Deep learning (DL) models have achieved impressive performance in various domains such as autonomous vehicle systems with advances in computing power and technologies [13,14]. Since neural networks (NN) have become a powerful technique in finding complex patterns in high dimensional datasets and providing high prediction accuracy, they can provide robust and reliable predictions in ordinal datasets, as well [15,16]. In this study, we compared the performance of NNs, OR models, decision tree (DT), support vector machines (SVM), and logistic regression (LR) to have a robust prediction model in the accident prevention system. We also examined the effect of different hyperparameters and architectures on injury prediction performance.
The contributions of this paper are as follows:
  • A new framework to generate non-accident data based on the accident instances using the most contributing factors of traffic accidents. This will ensure a more balanced dataset and improve the predictive model in accident prevention systems for intelligent vehicles,
  • A robust and more accurate NN prediction model to estimate injury severity compared to ordinal regression and other methods.
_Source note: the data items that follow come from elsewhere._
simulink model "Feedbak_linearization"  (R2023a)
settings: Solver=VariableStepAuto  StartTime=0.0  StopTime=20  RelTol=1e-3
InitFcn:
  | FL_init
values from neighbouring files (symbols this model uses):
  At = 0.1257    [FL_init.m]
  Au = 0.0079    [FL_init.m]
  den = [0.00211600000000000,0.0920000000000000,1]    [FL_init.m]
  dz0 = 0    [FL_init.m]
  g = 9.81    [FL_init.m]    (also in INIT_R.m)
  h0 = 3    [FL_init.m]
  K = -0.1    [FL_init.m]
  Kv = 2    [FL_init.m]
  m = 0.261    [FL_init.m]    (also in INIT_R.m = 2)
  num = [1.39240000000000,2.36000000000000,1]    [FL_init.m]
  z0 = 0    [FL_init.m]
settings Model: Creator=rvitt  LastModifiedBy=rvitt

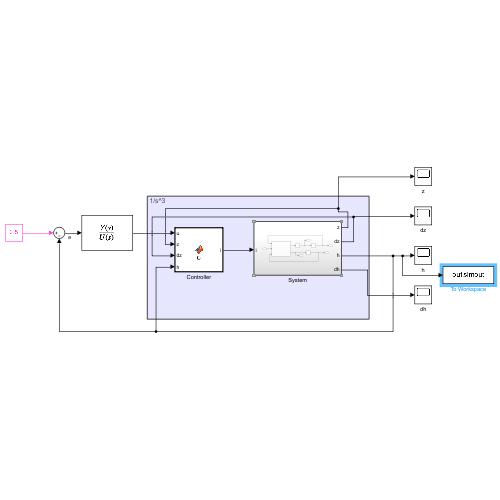
[thumbnail: Simulink's stored preview of the top-level diagram]
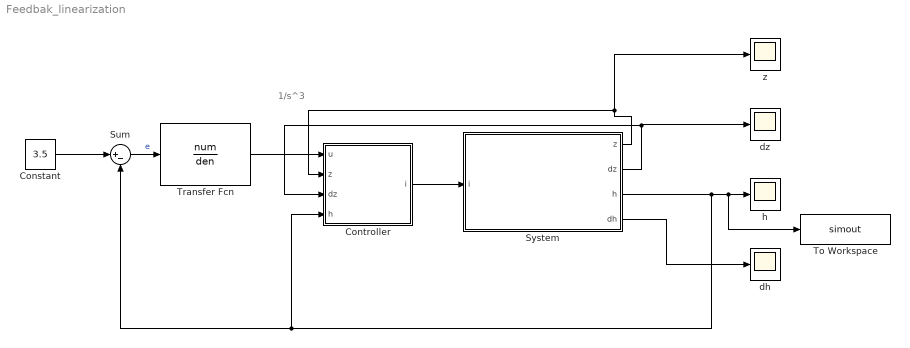
== system Feedbak_linearization ==
  note: 1/s^3
  Constant : Constant  Value=3.5
  Controller : MATLAB Function  TreatAsAtomicUnit=on
  Sum : Sum  Inputs=|+-
  System : Subsystem
  To Workspace : ToWorkspace  VariableName=simout  SaveFormat=Timeseries  SampleTime=-1
  Transfer Fcn : TransferFcn  Numerator=num  Denominator=den
  dh : Scope
  dz : Scope
  h : Scope
  z : Scope
  wires:
  System/1(z) -> z/1, Controller/2(z)
  System/2(dz) -> dz/1, Controller/3(dz)
  System/3(h) -> To Workspace/1, h/1, Controller/4(h), Sum/2
  System/4(dh) -> dh/1
  Constant/1 -> Sum/1
  Sum/1 -> Transfer Fcn/1  "e"
  Controller/1(i) -> System/1(i)
  Transfer Fcn/1 -> Controller/1(u)

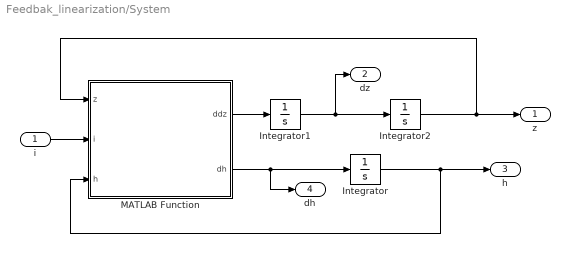
== system Feedbak_linearization/System ==
  i : Inport
  Integrator : Integrator  InitialCondition=h0
  Integrator1 : Integrator  InitialCondition=dz0
  Integrator2 : Integrator  InitialCondition=z0
  MATLAB Function : MATLAB Function  TreatAsAtomicUnit=on
  z : Outport
  dz : Outport  Port=2
  h : Outport  Port=3
  dh : Outport  Port=4
  wires:
  MATLAB Function/2(dh) -> Integrator/1, dh/1
  i/1 -> MATLAB Function/2(i)
  Integrator1/1 -> Integrator2/1, dz/1
  Integrator2/1 -> MATLAB Function/1(z), z/1
  Integrator/1 -> h/1, MATLAB Function/3(h)
  MATLAB Function/1(ddz) -> Integrator1/1

== matlab function Feedbak_linearization/Controller ==
  data: u input; z input; i output; dz input; h input; m parameter; Kv parameter; g parameter; Au parameter; K parameter; At parameter
function i = C(u, z ,dz, h, m, Kv, g, Au, K, At)

% State derivative
dh = Kv/At*(z-K) - Au/At*sqrt(2*g*h);

% Non linear function
% q = Au/At*sqrt(2*g)/2*(ddh/sqrt(h)+1/2*dh^2/h^(-3/2));

% H
p = Au/At^2*sqrt(2*g)/2*Kv*(dz/sqrt(h) - (z-K)/2*sqrt(h)*dh);
i = m*(1+9*z^2)/0.4*(g+At/Kv*p+At/Kv*u);

% Controller 
% q = Au/At^2*sqrt(2*g)/2*Kv*(dz/sqrt(h)-(z-K)/(2*h^(3/2)));
% i = m*(1+9*z^2)/0.4*(g + At/Kv*q + At/Kv*u);


% r = Au/At^2*sqrt(2*g)/2*Kv*(dz*sqrt(h)-(z-K)*1/2*dh/sqrt(h))/h;
% i = m*(1+9*z^2)/0.4*(g+ At/Kv*r+At/Kv*u);


% i = (1 + 9*z^2)/0.4*(m*g + Au*sqrt(2*g)/2 * ((Kv*dz)/(At*sqrt(h)) - (Au*sqrt(2*g)*dh)/(At*2*h) + dh^2/2*h^(-3/2)) + u);
%q = Au*sqrt(2*g)/2*(ddh/sqrt(h) + 1/2*dh^2/h^(-3/2));
%i = (1 + 9*z^2)/0.4*(m*g + q + u);

== matlab function Feedbak_linearization/System/MATLAB Function ==
  data: z input; i input; h input; ddz output; dh output; m parameter; Kv parameter; g parameter; Au parameter; K parameter; At parameter
function [ddz, dh] = model(z ,i, h, m, Kv, g, Au, K, At)

% System dynamics 
ddz = 0.4*i/(1 + 9*z^2)/m - g;
dh = Kv/At*(z-K) - Au/At*sqrt(2*g*h);


% ddh = Kv/At*dz - Au/At*sqrt(2*g)/2*dh/sqrt(h);
% 
% q = Au/At*sqrt(2*g)/2*(ddh/sqrt(h)+1/2*dh^2/h^(-3/2)); 
% y3 = Kv/At*(0.4/m*i/(1+9*z^2)-g)-q;

With NN, we overcome the disadvantages of ordinal regression models (i.e., low robustness, not dealing with multicollinearity).
The rest of the paper is organized as follows: Section 2 covers the literature review of accident risks and injury severity prediction models with commonly used methods. Section 3 presents the methodology including an overview of the proposed accident prevention system, used methods, and data generation process. Section 4 describes the experimental detail and discusses the experimental results and comparison. Section 5 concludes the paper with future work.

2. Literature Review

Accident data commonly include weather conditions, road conditions, temporal factors, and driving behaviors. ML models have been extensively applied [8,9,10,12,17,18,19,20,21,22] in assessing injury severity and determination of critical factors for motor vehicle accidents of their ability to solve non-linear relationships as seen in traffic data. Yuan et al. [9] applied various machine learning algorithms, including support vector machine, decision tree, neural network, and random forest (RF), to classify accident and non-accident classes. Additionally, they used informative negative sampling to balance the binary classification problem. Zhu et al. [20] proposed a machine learning-based framework to detect driver injury patterns using NN and RF. Pradhan et al. [21] modeled traffic accident severity using NN and SVM methods based on actually reported causes with seven explanatory features. Results indicated that linear SVM has the highest accuracy value. In Delen’s research [22], the contributing factors of injury severity are examined using NN, SVM, DT, and LR by modeling the problem as a binary classification. Liao et al. [23] studied injury severity prediction in autonomous vehicles for emergency decision making. They used SVM with three types of kernels and compared their results with ordered-logit and NN algorithms. Table 1 lists all the classes used for accident classification and proposed ML algorithms. The most common ML algorithms (DT, SVM, k-Nearest Neighbor, NN, RF, etc.) are frequently applied in assessing injury severity in accidents [9,10,17,18,19,20,21,22]. The studies with new and/or modified approaches assessing injury severity in accidents mainly compared with NN because of its learning power [24]. Among these studies, only Yuan et al. [9] focus on resolving the imbalanced data problem by using informative data sampling to create non-accident data. Other studies use only accident data to predict injury severity levels using various ML models. However, none of these studies investigate the effect of different NN architectures on the prediction performance for accident and injury severity.
Ordinal regression models are used when the classes represent levels of an inherent order [3,11,25,26,27,28]. Some examples of the applications include evaluating disease severity in plants [26], healthcare applications [11], and assessing credit-rating agencies [25]. This study provides a comprehensive comparison with commonly used ML algorithms in accident risk assessment and ordinal regression models [3].
We conducted exhaustive experiments to determine the best NN architecture and hyperparameter configuration for injury severity prediction. We also compared our classification results with four different ordinal regression models [3], and three commonly used methods, namely DT, Linear SVM, and logistic regression, for two different real-world fatal accident datasets. Since most accident datasets only have positive instances, we also proposed a new negative data generation process to overcome the challenges in imbalanced learning and traditional sampling techniques.

3. Methodology

3.1. Overview of Accident Prevention and Alert System

This section provides an overview of the prevention and alerting system framework and details of the prediction model [3]. The details of the prevention system and prediction model framework are shown in Figure 1. The prevention system takes inputs including driver information, GPS data, weather and road situation, and historical accident records. The inputs are used to create predictions and accident risks, then it receives the risks and provides alert messages to warn drivers to take precautions such as reducing speed, keeping a safe following distance, etc. Integrating such a reliable prediction model into intelligent vehicles helps decrease the likelihood of accidents and injury severities, and improve the safety of vulnerable road users, drivers, and passengers. Towards this end, the prediction model is critical to the overall system. The study mainly focuses on developing a robust prediction model to determine and integrate the best classification method into the system.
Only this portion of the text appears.